In 2003, Tatter et al. reported on a multicenter safety and feasibility trial of the GliaSite® Radiation Therapy System (RTS) device for recurrent high-grade gliomas (n=21; 15 with GBM; 5 with anaplastic astrocytoma, and one with anaplastic oligodendrogliomas [ODG]). (4) All patients (n=11) received first-line therapy with resection and radiation, with or without systemic chemotherapy. Time from end of first-line therapy to repeated resection for recurrent disease was not reported. Although not a primary endpoint, median overall survival (OS) was 12.7 months (95% confidence interval [CI]: 6.9–15.3), and a Kaplan-Meier curve showed estimated OS at 1 year as just over 50%. Investigators reported no serious device-related adverse events during brachytherapy and no symptomatic radiation necrosis during follow-up.

Gabayan and colleagues reported on a retrospective multi-institutional analysis of the GliaSite® RTS device for recurrent high-grade gliomas in 2006 (n=95; 80 with GBM, 9 with anaplastic astrocytoma, 4 with anaplastic ODG, and one each with a mixed anaplastic tumor or gliosarcoma). (7) All patients received external-beam radiation after initial resection, and 55 (58%) also received systemic chemotherapy. Time from end of front-line therapy to repeated resection for recurrent disease was not reported. Fifteen patients (16%) who had previously been treated with external-beam radiation following maximal debulking surgery were treated with GliaSite® (average dose of 60 Gy) upon tumor recurrence. Median OS from the time of GliaSite® placement was 9.1 months (95% CI: 7.8–10.4), and OS at 1 year was 31.1% (95% CI: 21.2–41.0%). Only 2 patients experienced Radiation Therapy Oncology Group (RTOG) grade-3 toxicity attributable to radiation, and none experienced grades 4 or 5. However, 10 adverse events were attributed to surgery. The authors concluded that survival benefit was modest and that these data were similarly inconclusive to previous feasibility studies.

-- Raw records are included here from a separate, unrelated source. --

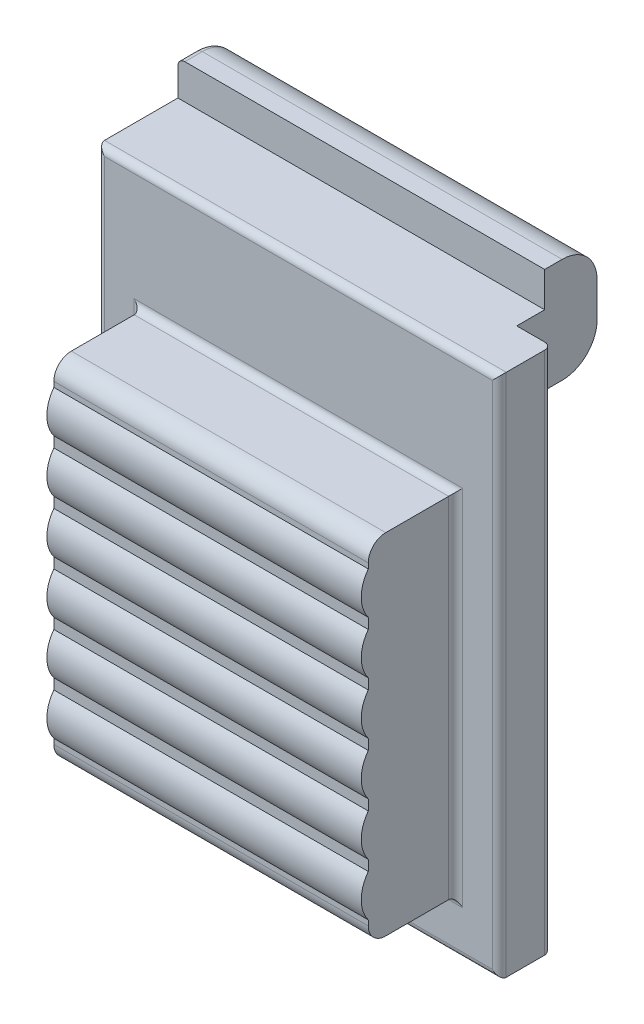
ISO-10303-21;
HEADER;
FILE_DESCRIPTION(('STEP AP214'),'2;1');
FILE_NAME('part.step','',(''),(''),'','','');
FILE_SCHEMA(('AUTOMOTIVE_DESIGN { 1 0 10303 214 1 1 1 1 }'));
ENDSEC;
DATA;
#1=APPLICATION_CONTEXT('core data for automotive mechanical design processes');
#2=APPLICATION_PROTOCOL_DEFINITION('international standard','automotive_design',2000,#1);
#3=PRODUCT_CONTEXT('',#1,'mechanical');
#4=PRODUCT('Part','Part','',(#3));
#5=PRODUCT_RELATED_PRODUCT_CATEGORY('part','',(#4));
#6=PRODUCT_DEFINITION_FORMATION('','',#4);
#7=PRODUCT_DEFINITION_CONTEXT('part definition',#1,'design');
#8=PRODUCT_DEFINITION('design','',#6,#7);
#9=PRODUCT_DEFINITION_SHAPE('','',#8);
#10=(LENGTH_UNIT() NAMED_UNIT(*) SI_UNIT(.MILLI.,.METRE.));
#11=(NAMED_UNIT(*) PLANE_ANGLE_UNIT() SI_UNIT($,.RADIAN.));
#12=(NAMED_UNIT(*) SI_UNIT($,.STERADIAN.) SOLID_ANGLE_UNIT());
#13=UNCERTAINTY_MEASURE_WITH_UNIT(LENGTH_MEASURE(1.E-05),#10,'distance_accuracy_value','');
#14=(GEOMETRIC_REPRESENTATION_CONTEXT(3) GLOBAL_UNCERTAINTY_ASSIGNED_CONTEXT((#13)) GLOBAL_UNIT_ASSIGNED_CONTEXT((#10,
#11,#12)) REPRESENTATION_CONTEXT('',''));
#15=CARTESIAN_POINT('',(0.,0.,0.));
#16=DIRECTION('',(0.,0.,1.));
#17=DIRECTION('',(1.,0.,0.));
#18=AXIS2_PLACEMENT_3D('',#15,#16,#17);
#19=CARTESIAN_POINT('',(1.25,1.5,4.));
#20=DIRECTION('',(0.,0.,1.));
#21=DIRECTION('',(1.,0.,0.));
#22=AXIS2_PLACEMENT_3D('',#19,#20,#21);
#23=PLANE('',#22);
#24=DIRECTION('',(-1.,0.,0.));
#25=VECTOR('',#24,1.);
#26=CARTESIAN_POINT('',(10.25,9.35,4.));
#27=LINE('',#26,#25);
#28=CARTESIAN_POINT('',(10.25,9.35,4.));
#29=VERTEX_POINT('',#28);
#30=CARTESIAN_POINT('',(1.25,9.35,4.));
#31=VERTEX_POINT('',#30);
#32=EDGE_CURVE('E795',#29,#31,#27,.T.);
#33=ORIENTED_EDGE('',*,*,#32,.F.);
#34=DIRECTION('',(0.,1.,0.));
#35=VECTOR('',#34,1.);
#36=CARTESIAN_POINT('',(10.25,11.5,4.));
#37=LINE('',#36,#35);
#38=CARTESIAN_POINT('',(10.25,9.65000000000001,4.));
#39=VERTEX_POINT('',#38);
#40=EDGE_CURVE('E562',#29,#39,#37,.T.);
#41=ORIENTED_EDGE('',*,*,#40,.T.);
#42=DIRECTION('',(-1.,0.,0.));
#43=VECTOR('',#42,1.);
#44=CARTESIAN_POINT('',(10.25,9.65000000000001,4.));
#45=LINE('',#44,#43);
#46=CARTESIAN_POINT('',(1.25,9.65,4.));
#47=VERTEX_POINT('',#46);
#48=EDGE_CURVE('E762',#47,#39,#45,.F.);
#49=ORIENTED_EDGE('',*,*,#48,.F.);
#50=DIRECTION('',(0.,-1.,0.));
#51=VECTOR('',#50,1.);
#52=CARTESIAN_POINT('',(1.25,11.5,4.));
#53=LINE('',#52,#51);
#54=EDGE_CURVE('E557',#47,#31,#53,.T.);
#55=ORIENTED_EDGE('',*,*,#54,.T.);
#56=EDGE_LOOP('',(#33,#41,#49,#55));
#57=FACE_BOUND('',#56,.T.);
#58=ADVANCED_FACE('F29',(#57),#23,.T.);
#59=DIRECTION('',(-1.,0.,0.));
#60=VECTOR('',#59,1.);
#61=CARTESIAN_POINT('',(10.25,8.15000000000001,4.));
#62=LINE('',#61,#60);
#63=CARTESIAN_POINT('',(1.25,8.15,4.));
#64=VERTEX_POINT('',#63);
#65=CARTESIAN_POINT('',(10.25,8.15000000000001,4.));
#66=VERTEX_POINT('',#65);
#67=EDGE_CURVE('E792',#64,#66,#62,.F.);
#68=ORIENTED_EDGE('',*,*,#67,.F.);
#69=CARTESIAN_POINT('',(1.25,7.85,4.));
#70=VERTEX_POINT('',#69);
#71=EDGE_CURVE('E988',#64,#70,#53,.T.);
#72=ORIENTED_EDGE('',*,*,#71,.T.);
#73=DIRECTION('',(-1.,0.,0.));
#74=VECTOR('',#73,1.);
#75=CARTESIAN_POINT('',(10.25,7.85,4.));
#76=LINE('',#75,#74);
#77=CARTESIAN_POINT('',(10.25,7.85,4.));
#78=VERTEX_POINT('',#77);
#79=EDGE_CURVE('E789',#78,#70,#76,.T.);
#80=ORIENTED_EDGE('',*,*,#79,.F.);
#81=EDGE_CURVE('E983',#78,#66,#37,.T.);
#82=ORIENTED_EDGE('',*,*,#81,.T.);
#83=EDGE_LOOP('',(#68,#72,#80,#82));
#84=FACE_BOUND('',#83,.T.);
#85=ADVANCED_FACE('F937',(#84),#23,.T.);
#86=DIRECTION('',(-1.,0.,0.));
#87=VECTOR('',#86,1.);
#88=CARTESIAN_POINT('',(10.25,6.65,4.));
#89=LINE('',#88,#87);
#90=CARTESIAN_POINT('',(1.25,6.65,4.));
#91=VERTEX_POINT('',#90);
#92=CARTESIAN_POINT('',(10.25,6.65,4.));
#93=VERTEX_POINT('',#92);
#94=EDGE_CURVE('E786',#91,#93,#89,.F.);
#95=ORIENTED_EDGE('',*,*,#94,.F.);
#96=CARTESIAN_POINT('',(1.25,6.35,4.));
#97=VERTEX_POINT('',#96);
#98=EDGE_CURVE('E1010',#91,#97,#53,.T.);
#99=ORIENTED_EDGE('',*,*,#98,.T.);
#100=DIRECTION('',(-1.,0.,0.));
#101=VECTOR('',#100,1.);
#102=CARTESIAN_POINT('',(10.25,6.35,4.));
#103=LINE('',#102,#101);
#104=CARTESIAN_POINT('',(10.25,6.35,4.));
#105=VERTEX_POINT('',#104);
#106=EDGE_CURVE('E783',#105,#97,#103,.T.);
#107=ORIENTED_EDGE('',*,*,#106,.F.);
#108=EDGE_CURVE('E990',#105,#93,#37,.T.);
#109=ORIENTED_EDGE('',*,*,#108,.T.);
#110=EDGE_LOOP('',(#95,#99,#107,#109));
#111=FACE_BOUND('',#110,.T.);
#112=ADVANCED_FACE('F944',(#111),#23,.T.);
#113=DIRECTION('',(-1.,0.,0.));
#114=VECTOR('',#113,1.);
#115=CARTESIAN_POINT('',(10.25,5.15,4.));
#116=LINE('',#115,#114);
#117=CARTESIAN_POINT('',(1.25,5.15,4.));
#118=VERTEX_POINT('',#117);
#119=CARTESIAN_POINT('',(10.25,5.15,4.));
#120=VERTEX_POINT('',#119);
#121=EDGE_CURVE('E780',#118,#120,#116,.F.);
#122=ORIENTED_EDGE('',*,*,#121,.F.);
#123=CARTESIAN_POINT('',(1.25,4.85,4.));
#124=VERTEX_POINT('',#123);
#125=EDGE_CURVE('E1008',#118,#124,#53,.T.);
#126=ORIENTED_EDGE('',*,*,#125,.T.);
#127=DIRECTION('',(-1.,0.,0.));
#128=VECTOR('',#127,1.);
#129=CARTESIAN_POINT('',(10.25,4.85,4.));
#130=LINE('',#129,#128);
#131=CARTESIAN_POINT('',(10.25,4.85,4.));
#132=VERTEX_POINT('',#131);
#133=EDGE_CURVE('E777',#132,#124,#130,.T.);
#134=ORIENTED_EDGE('',*,*,#133,.F.);
#135=EDGE_CURVE('E991',#132,#120,#37,.T.);
#136=ORIENTED_EDGE('',*,*,#135,.T.);
#137=EDGE_LOOP('',(#122,#126,#134,#136));
#138=FACE_BOUND('',#137,.T.);
#139=ADVANCED_FACE('F967',(#138),#23,.T.);
#140=DIRECTION('',(-1.,0.,0.));
#141=VECTOR('',#140,1.);
#142=CARTESIAN_POINT('',(10.25,3.65,4.));
#143=LINE('',#142,#141);
#144=CARTESIAN_POINT('',(1.25,3.65,4.));
#145=VERTEX_POINT('',#144);
#146=CARTESIAN_POINT('',(10.25,3.65,4.));
#147=VERTEX_POINT('',#146);
#148=EDGE_CURVE('E774',#145,#147,#143,.F.);
#149=ORIENTED_EDGE('',*,*,#148,.F.);
#150=CARTESIAN_POINT('',(1.25,3.35,4.));
#151=VERTEX_POINT('',#150);
#152=EDGE_CURVE('E1011',#145,#151,#53,.T.);
#153=ORIENTED_EDGE('',*,*,#152,.T.);
#154=DIRECTION('',(-1.,0.,0.));
#155=VECTOR('',#154,1.);
#156=CARTESIAN_POINT('',(10.25,3.35,4.));
#157=LINE('',#156,#155);
#158=CARTESIAN_POINT('',(10.25,3.35,4.));
#159=VERTEX_POINT('',#158);
#160=EDGE_CURVE('E771',#159,#151,#157,.T.);
#161=ORIENTED_EDGE('',*,*,#160,.F.);
#162=EDGE_CURVE('E561',#159,#147,#37,.T.);
#163=ORIENTED_EDGE('',*,*,#162,.T.);
#164=EDGE_LOOP('',(#149,#153,#161,#163));
#165=FACE_BOUND('',#164,.T.);
#166=ADVANCED_FACE('F960',(#165),#23,.T.);
#167=CARTESIAN_POINT('',(10.25,10.85,4.));
#168=VERTEX_POINT('',#167);
#169=CARTESIAN_POINT('',(10.25,11.,4.));
#170=VERTEX_POINT('',#169);
#171=EDGE_CURVE('E556',#168,#170,#37,.T.);
#172=ORIENTED_EDGE('',*,*,#171,.T.);
#173=DIRECTION('',(-1.,0.,0.));
#174=VECTOR('',#173,1.);
#175=CARTESIAN_POINT('',(1.25,11.,4.));
#176=LINE('',#175,#174);
#177=CARTESIAN_POINT('',(1.25,11.,4.));
#178=VERTEX_POINT('',#177);
#179=EDGE_CURVE('E798',#170,#178,#176,.T.);
#180=ORIENTED_EDGE('',*,*,#179,.T.);
#181=CARTESIAN_POINT('',(1.25,10.85,4.));
#182=VERTEX_POINT('',#181);
#183=EDGE_CURVE('E554',#178,#182,#53,.T.);
#184=ORIENTED_EDGE('',*,*,#183,.T.);
#185=DIRECTION('',(-1.,0.,0.));
#186=VECTOR('',#185,1.);
#187=CARTESIAN_POINT('',(10.25,10.85,4.));
#188=LINE('',#187,#186);
#189=EDGE_CURVE('E765',#168,#182,#188,.T.);
#190=ORIENTED_EDGE('',*,*,#189,.F.);
#191=EDGE_LOOP('',(#172,#180,#184,#190));
#192=FACE_BOUND('',#191,.T.);
#193=ADVANCED_FACE('F951',(#192),#23,.T.);
#194=CARTESIAN_POINT('',(0.,15.,0.));
#195=DIRECTION('',(0.,0.,-1.));
#196=DIRECTION('',(-1.,0.,0.));
#197=AXIS2_PLACEMENT_3D('',#194,#195,#196);
#198=PLANE('',#197);
#199=DIRECTION('',(-1.,0.,0.));
#200=VECTOR('',#199,1.);
#201=CARTESIAN_POINT('',(0.,15.,0.));
#202=LINE('',#201,#200);
#203=CARTESIAN_POINT('',(11.3,15.,0.));
#204=VERTEX_POINT('',#203);
#205=CARTESIAN_POINT('',(10.5,15.,0.));
#206=VERTEX_POINT('',#205);
#207=EDGE_CURVE('E376',#204,#206,#202,.T.);
#208=ORIENTED_EDGE('',*,*,#207,.F.);
#209=DIRECTION('',(0.,1.,0.));
#210=VECTOR('',#209,1.);
#211=CARTESIAN_POINT('',(11.3,0.,0.));
#212=LINE('',#211,#210);
#213=CARTESIAN_POINT('',(11.3,0.2,0.));
#214=VERTEX_POINT('',#213);
#215=EDGE_CURVE('E51',#204,#214,#212,.F.);
#216=ORIENTED_EDGE('',*,*,#215,.T.);
#217=DIRECTION('',(1.,0.,0.));
#218=VECTOR('',#217,1.);
#219=CARTESIAN_POINT('',(0.,0.2,0.));
#220=LINE('',#219,#218);
#221=CARTESIAN_POINT('',(0.2,0.2,0.));
#222=VERTEX_POINT('',#221);
#223=EDGE_CURVE('E628',#214,#222,#220,.F.);
#224=ORIENTED_EDGE('',*,*,#223,.T.);
#225=DIRECTION('',(0.,-1.,0.));
#226=VECTOR('',#225,1.);
#227=CARTESIAN_POINT('',(0.2,12.8,0.));
#228=LINE('',#227,#226);
#229=CARTESIAN_POINT('',(0.2,12.8,0.));
#230=VERTEX_POINT('',#229);
#231=EDGE_CURVE('E626',#222,#230,#228,.F.);
#232=ORIENTED_EDGE('',*,*,#231,.T.);
#233=DIRECTION('',(-1.,0.,0.));
#234=VECTOR('',#233,1.);
#235=CARTESIAN_POINT('',(0.,12.8,0.));
#236=LINE('',#235,#234);
#237=CARTESIAN_POINT('',(10.5,12.8,0.));
#238=VERTEX_POINT('',#237);
#239=EDGE_CURVE('E652',#230,#238,#236,.F.);
#240=ORIENTED_EDGE('',*,*,#239,.T.);
#241=DIRECTION('',(0.,-1.,0.));
#242=VECTOR('',#241,1.);
#243=CARTESIAN_POINT('',(10.5,16.,0.));
#244=LINE('',#243,#242);
#245=EDGE_CURVE('E540',#206,#238,#244,.T.);
#246=ORIENTED_EDGE('',*,*,#245,.F.);
#247=EDGE_LOOP('',(#208,#216,#224,#232,#240,#246));
#248=FACE_BOUND('',#247,.T.);
#249=CARTESIAN_POINT('',(2.95,3.2,0.));
#250=DIRECTION('',(0.,0.,-1.));
#251=DIRECTION('',(-1.,0.,0.));
#252=AXIS2_PLACEMENT_3D('',#249,#250,#251);
#253=CIRCLE('',#252,0.4);
#254=CARTESIAN_POINT('',(2.95,2.8,0.));
#255=VERTEX_POINT('',#254);
#256=CARTESIAN_POINT('',(2.55,3.2,0.));
#257=VERTEX_POINT('',#256);
#258=EDGE_CURVE('E723',#255,#257,#253,.T.);
#259=ORIENTED_EDGE('',*,*,#258,.F.);
#260=DIRECTION('',(-1.,0.,0.));
#261=VECTOR('',#260,1.);
#262=CARTESIAN_POINT('',(8.75,2.8,0.));
#263=LINE('',#262,#261);
#264=CARTESIAN_POINT('',(8.55,2.8,0.));
#265=VERTEX_POINT('',#264);
#266=EDGE_CURVE('E720',#255,#265,#263,.F.);
#267=ORIENTED_EDGE('',*,*,#266,.T.);
#268=CARTESIAN_POINT('',(8.55,3.2,0.));
#269=DIRECTION('',(0.,0.,-1.));
#270=DIRECTION('',(-1.,0.,0.));
#271=AXIS2_PLACEMENT_3D('',#268,#269,#270);
#272=CIRCLE('',#271,0.4);
#273=CARTESIAN_POINT('',(8.95,3.2,0.));
#274=VERTEX_POINT('',#273);
#275=EDGE_CURVE('E717',#274,#265,#272,.T.);
#276=ORIENTED_EDGE('',*,*,#275,.F.);
#277=DIRECTION('',(0.,-1.,0.));
#278=VECTOR('',#277,1.);
#279=CARTESIAN_POINT('',(8.95,10.,0.));
#280=LINE('',#279,#278);
#281=CARTESIAN_POINT('',(8.95,9.8,0.));
#282=VERTEX_POINT('',#281);
#283=EDGE_CURVE('E713',#274,#282,#280,.F.);
#284=ORIENTED_EDGE('',*,*,#283,.T.);
#285=CARTESIAN_POINT('',(8.55,9.8,0.));
#286=DIRECTION('',(0.,0.,-1.));
#287=DIRECTION('',(-1.,0.,0.));
#288=AXIS2_PLACEMENT_3D('',#285,#286,#287);
#289=CIRCLE('',#288,0.4);
#290=CARTESIAN_POINT('',(8.55,10.2,0.));
#291=VERTEX_POINT('',#290);
#292=EDGE_CURVE('E710',#291,#282,#289,.T.);
#293=ORIENTED_EDGE('',*,*,#292,.F.);
#294=DIRECTION('',(1.,0.,0.));
#295=VECTOR('',#294,1.);
#296=CARTESIAN_POINT('',(2.75,10.2,0.));
#297=LINE('',#296,#295);
#298=CARTESIAN_POINT('',(2.95,10.2,0.));
#299=VERTEX_POINT('',#298);
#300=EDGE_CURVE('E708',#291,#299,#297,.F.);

The retrospective analysis on GliaSite® (7) did not report important prognostic factors available from the Gliadel® randomized trial (e.g., median interval from first operation; cumulative radiation dose and proportion given whole-brain radiation therapy [WBRT] vs. local radiation vs. both in first-line therapy and completeness of the second resections). The authors concluded that it is a challenge to assess survival value from these studies without better comparative evidence on demonstrably similar patient groups, preferably from a randomized comparative trial.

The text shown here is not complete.